• PROBLEM DESCRIPTION:
Every record must be copied exactly, except that pictures are dropped.

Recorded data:
• • • • • • •

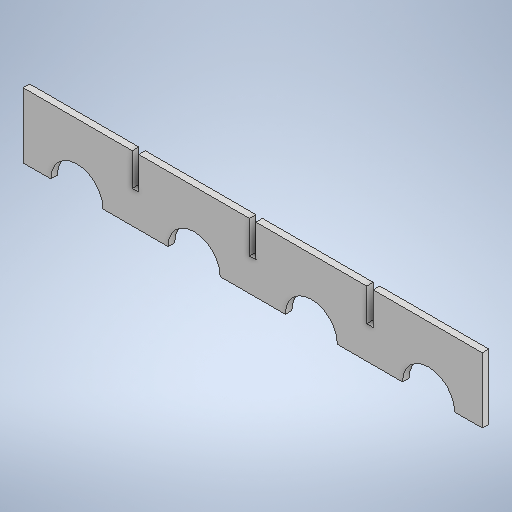
# Autodesk Inventor part: BSH 085 amplifier bottom
Saved by Autodesk Inventor 2025 (Build 290162010, 162A)
## iProperties
Created: 2024-08-04
Part Number: BSH 085 amplifier bottom
Material: Stainless Steel
Document SubType Name: Sheet Metal
Designer: pokla
Density: 8 g/cm^3
Sheet Metal Rule: AISI304 2mm Die16
Appearance: Default
Author: pokla
Autodesk Inventor part; units mm, degrees
ref_plane "YZ Plane" through (0, 0, 0) normal (1, 0, 0) x (0, 1, 0)
ref_plane "XZ Plane" through (0, 0, 0) normal (0, 1, 0) x (-1, 0, 0)
ref_plane "XY Plane" through (0, 0, 0) normal (0, 0, 1) x (1, 0, 0)
sketch "Sketch1" plane through (0, 0, 0) normal (0, 0, 1) x (1, 0, 0)
  circle A0 centre (0, 0) radius 400 construction
  line L0 (-352.5, 175) -> (352.5, 175)
  line L1 (352.5, 175) -> (352.5, 185)
  line L2 (352.5, 185) -> (-352.5, 185)
  line L3 (-352.5, 185) -> (-352.5, 175)
  line L4 (-352.5, 185) -> (352.5, 175) construction
  point P0 (0, 180)
  dimension "d0" = 800
  dimension "d24" = 10
  dimension "d25" = 180
  dimension "d26" = 705
  constraints: 10 end point, 3 coincident, 2 parallel, 1 centre point, 1 horizontal, 1 midpoint, 1 perpendicular, 1 vertical alignment
  measures "d0" diameter of A0
  measures "d24" distance of L2.end L0.start
  measures "d25" distance of point (0, 180) point (0, 0)
  measures "d26" distance of L1.end L2.end
extrude "Extrusion1" add sketch "Sketch1" along normal blind 100
sketch "Sketch3" plane through (-352.5, 175, 0) normal (0, -1, 0) x (1, 0, 0)
  line L0 (705, 0) -> (0, 0) projected
  circle A0 centre (82.5, 0) radius 40
  circle A1 centre (262.5, 0) radius 40
  circle A2 centre (442.5, 0) radius 40
  line L1 (0, 0) -> (705, 0) projected
  circle A3 centre (622.5, 0) radius 40
  line L2 (347.5, 100) -> (357.5, 100)
  line L3 (357.5, 100) -> (357.5, 50)
  line L4 (357.5, 50) -> (347.5, 50)
  line L5 (347.5, 50) -> (347.5, 100)
  line L6 (0, 100) -> (705, 100) projected
  line L7 (167.5, 100) -> (177.5, 100)
  line L8 (177.5, 100) -> (177.5, 50)
  line L9 (177.5, 50) -> (167.5, 50)
  line L10 (167.5, 50) -> (167.5, 100)
  line L11 (527.5, 100) -> (537.5, 100)
  line L12 (537.5, 100) -> (537.5, 50)
  line L13 (537.5, 50) -> (527.5, 50)
  line L14 (527.5, 50) -> (527.5, 100)
  point P0 (352.5, 0)
  point P1 (352.5, 0)
  point P2 (352.5, 100)
  point P3 (352.5, 100)
  point P4 (352.5, 100)
  point P5 (172.5, 100)
  point P6 (352.5, 100)
  point P7 (352.5, 100)
  point P8 (532.5, 100)
  point P9 (352.5, 100)
  point P10 (352.5, 100)
  point P11 (42.5, 0)
  point P12 (122.5, 0)
  point P13 (222.5, 0)
  point P14 (302.5, 0)
  point P15 (402.5, 0)
  point P16 (482.5, 0)
  point P17 (582.5, 0)
  point P18 (662.5, 0)
  dimension "d59" = 80
  dimension "d60" = 80
  dimension "d61" = 90
  dimension "d62" = 180
  dimension "d63" = 80
  dimension "d64" = 90
  dimension "d65" = 80
  dimension "d66" = 180
  dimension "d67" = 10
  dimension "d68" = 50
  dimension "d69" = 180
  dimension "d70" = 10
  dimension "d71" = 50
  dimension "d72" = 180
  dimension "d73" = 50
  dimension "d74" = 10
  constraints: 24 end point, 11 midpoint, 6 parallel, 4 centre point, 4 point on line, 3 horizontal, 3 perpendicular, 2 coincident, 2 horizontal alignment
  measures "d59" diameter of A0
  measures "d60" diameter of A1
  measures "d61" distance of point (352.5, 0) A1.centre
  measures "d62" distance of A0.centre A1.centre
  measures "d63" diameter of A2
  measures "d64" distance of point (352.5, 0) A2.centre
  measures "d65" diameter of A3
  measures "d66" distance of A2.centre A3.centre
  measures "d67" distance between parallel lines of L5 L3
  measures "d68" distance of L4.end L2.start
  measures "d69" distance of point (352.5, 100) point (172.5, 100)
  measures "d70" distance between parallel lines of L10 L8
  measures "d71" distance of L9.end L7.start
  measures "d72" distance of point (352.5, 100) point (532.5, 100)
  measures "d73" distance of L13.end L11.start
  measures "d74" distance between parallel lines of L14 L12
extrude "Extrusion3" cut sketch "Sketch3" against normal through all contours L0 A3 | L0 A2 | L0 A1 | L0 A0 | L2 L3 L4 L5 | L6 L8 L9 L10 | L6 L12 L13 L14 picked at (611.7131, 7.8371) picked at (435.8333, 20.5179) picked at (255.8333, 20.5179) picked at (84.0738, 20.5179)
equation "\"d70\" = d67"
equation "\"d71\" = d68"
equation "\"BendReliefWidth\" = Thickness"
equation "\"BendReliefDepth\" = 0.5 * Thickness"
equation "\"CornerReliefSize\" = 4 * Thickness"
equation "\"MinimumRemnant\" = 2 * Thickness"
equation "\"TransitionRadius\" = BendRadius"
equation "\"JacobiRadiusSize\" = BendRadius"
equation "\"GapSize\" = Thickness"
equation "\"Thickness\" = 2"
equation "\"BendRadius\" = 2.75"
body "Solid1"

• • • • • • •

• OUTPUT FOR THIS EXERCISE:
# Autodesk Inventor part: BSH 085 amplifier bottom
Saved by Autodesk Inventor 2025 (Build 290162010, 162A)
## iProperties
Created: 2024-08-04
Part Number: BSH 085 amplifier bottom
Material: Stainless Steel
Document SubType Name: Sheet Metal
Designer: pokla
Density: 8 g/cm^3
Sheet Metal Rule: AISI304 2mm Die16
Appearance: Default
Author: pokla
Autodesk Inventor part; units mm, degrees
ref_plane "YZ Plane" through (0, 0, 0) normal (1, 0, 0) x (0, 1, 0)
ref_plane "XZ Plane" through (0, 0, 0) normal (0, 1, 0) x (-1, 0, 0)
ref_plane "XY Plane" through (0, 0, 0) normal (0, 0, 1) x (1, 0, 0)
sketch "Sketch1" plane through (0, 0, 0) normal (0, 0, 1) x (1, 0, 0)
  circle A0 centre (0, 0) radius 400 construction
  line L0 (-352.5, 175) -> (352.5, 175)
  line L1 (352.5, 175) -> (352.5, 185)
  line L2 (352.5, 185) -> (-352.5, 185)
  line L3 (-352.5, 185) -> (-352.5, 175)
  line L4 (-352.5, 185) -> (352.5, 175) construction
  point P0 (0, 180)
  dimension "d0" = 800
  dimension "d24" = 10
  dimension "d25" = 180
  dimension "d26" = 705
  constraints: 10 end point, 3 coincident, 2 parallel, 1 centre point, 1 horizontal, 1 midpoint, 1 perpendicular, 1 vertical alignment
  measures "d0" diameter of A0
  measures "d24" distance of L2.end L0.start
  measures "d25" distance of point (0, 180) point (0, 0)
  measures "d26" distance of L1.end L2.end
extrude "Extrusion1" add sketch "Sketch1" along normal blind 100
sketch "Sketch3" plane through (-352.5, 175, 0) normal (0, -1, 0) x (1, 0, 0)
  line L0 (705, 0) -> (0, 0) projected
  circle A0 centre (82.5, 0) radius 40
  circle A1 centre (262.5, 0) radius 40
  circle A2 centre (442.5, 0) radius 40
  line L1 (0, 0) -> (705, 0) projected
  circle A3 centre (622.5, 0) radius 40
  line L2 (347.5, 100) -> (357.5, 100)
  line L3 (357.5, 100) -> (357.5, 50)
  line L4 (357.5, 50) -> (347.5, 50)
  line L5 (347.5, 50) -> (347.5, 100)
  line L6 (0, 100) -> (705, 100) projected
  line L7 (167.5, 100) -> (177.5, 100)
  line L8 (177.5, 100) -> (177.5, 50)
  line L9 (177.5, 50) -> (167.5, 50)
  line L10 (167.5, 50) -> (167.5, 100)
  line L11 (527.5, 100) -> (537.5, 100)
  line L12 (537.5, 100) -> (537.5, 50)
  line L13 (537.5, 50) -> (527.5, 50)
  line L14 (527.5, 50) -> (527.5, 100)
  point P0 (352.5, 0)
  point P1 (352.5, 0)
  point P2 (352.5, 100)
  point P3 (352.5, 100)
  point P4 (352.5, 100)
  point P5 (172.5, 100)
  point P6 (352.5, 100)
  point P7 (352.5, 100)
  point P8 (532.5, 100)
  point P9 (352.5, 100)
  point P10 (352.5, 100)
  point P11 (42.5, 0)
  point P12 (122.5, 0)
  point P13 (222.5, 0)
  point P14 (302.5, 0)
  point P15 (402.5, 0)
  point P16 (482.5, 0)
  point P17 (582.5, 0)
  point P18 (662.5, 0)
  dimension "d59" = 80
  dimension "d60" = 80
  dimension "d61" = 90
  dimension "d62" = 180
  dimension "d63" = 80
  dimension "d64" = 90
  dimension "d65" = 80
  dimension "d66" = 180
  dimension "d67" = 10
  dimension "d68" = 50
  dimension "d69" = 180
  dimension "d70" = 10
  dimension "d71" = 50
  dimension "d72" = 180
  dimension "d73" = 50
  dimension "d74" = 10
  constraints: 24 end point, 11 midpoint, 6 parallel, 4 centre point, 4 point on line, 3 horizontal, 3 perpendicular, 2 coincident, 2 horizontal alignment
  measures "d59" diameter of A0
  measures "d60" diameter of A1
  measures "d61" distance of point (352.5, 0) A1.centre
  measures "d62" distance of A0.centre A1.centre
  measures "d63" diameter of A2
  measures "d64" distance of point (352.5, 0) A2.centre
  measures "d65" diameter of A3
  measures "d66" distance of A2.centre A3.centre
  measures "d67" distance between parallel lines of L5 L3
  measures "d68" distance of L4.end L2.start
  measures "d69" distance of point (352.5, 100) point (172.5, 100)
  measures "d70" distance between parallel lines of L10 L8
  measures "d71" distance of L9.end L7.start
  measures "d72" distance of point (352.5, 100) point (532.5, 100)
  measures "d73" distance of L13.end L11.start
  measures "d74" distance between parallel lines of L14 L12
extrude "Extrusion3" cut sketch "Sketch3" against normal through all contours L0 A3 | L0 A2 | L0 A1 | L0 A0 | L2 L3 L4 L5 | L6 L8 L9 L10 | L6 L12 L13 L14 picked at (611.7131, 7.8371) picked at (435.8333, 20.5179) picked at (255.8333, 20.5179) picked at (84.0738, 20.5179)
equation "\"d70\" = d67"
equation "\"d71\" = d68"
equation "\"BendReliefWidth\" = Thickness"
equation "\"BendReliefDepth\" = 0.5 * Thickness"
equation "\"CornerReliefSize\" = 4 * Thickness"
equation "\"MinimumRemnant\" = 2 * Thickness"
equation "\"TransitionRadius\" = BendRadius"
equation "\"JacobiRadiusSize\" = BendRadius"
equation "\"GapSize\" = Thickness"
equation "\"Thickness\" = 2"
equation "\"BendRadius\" = 2.75"
body "Solid1"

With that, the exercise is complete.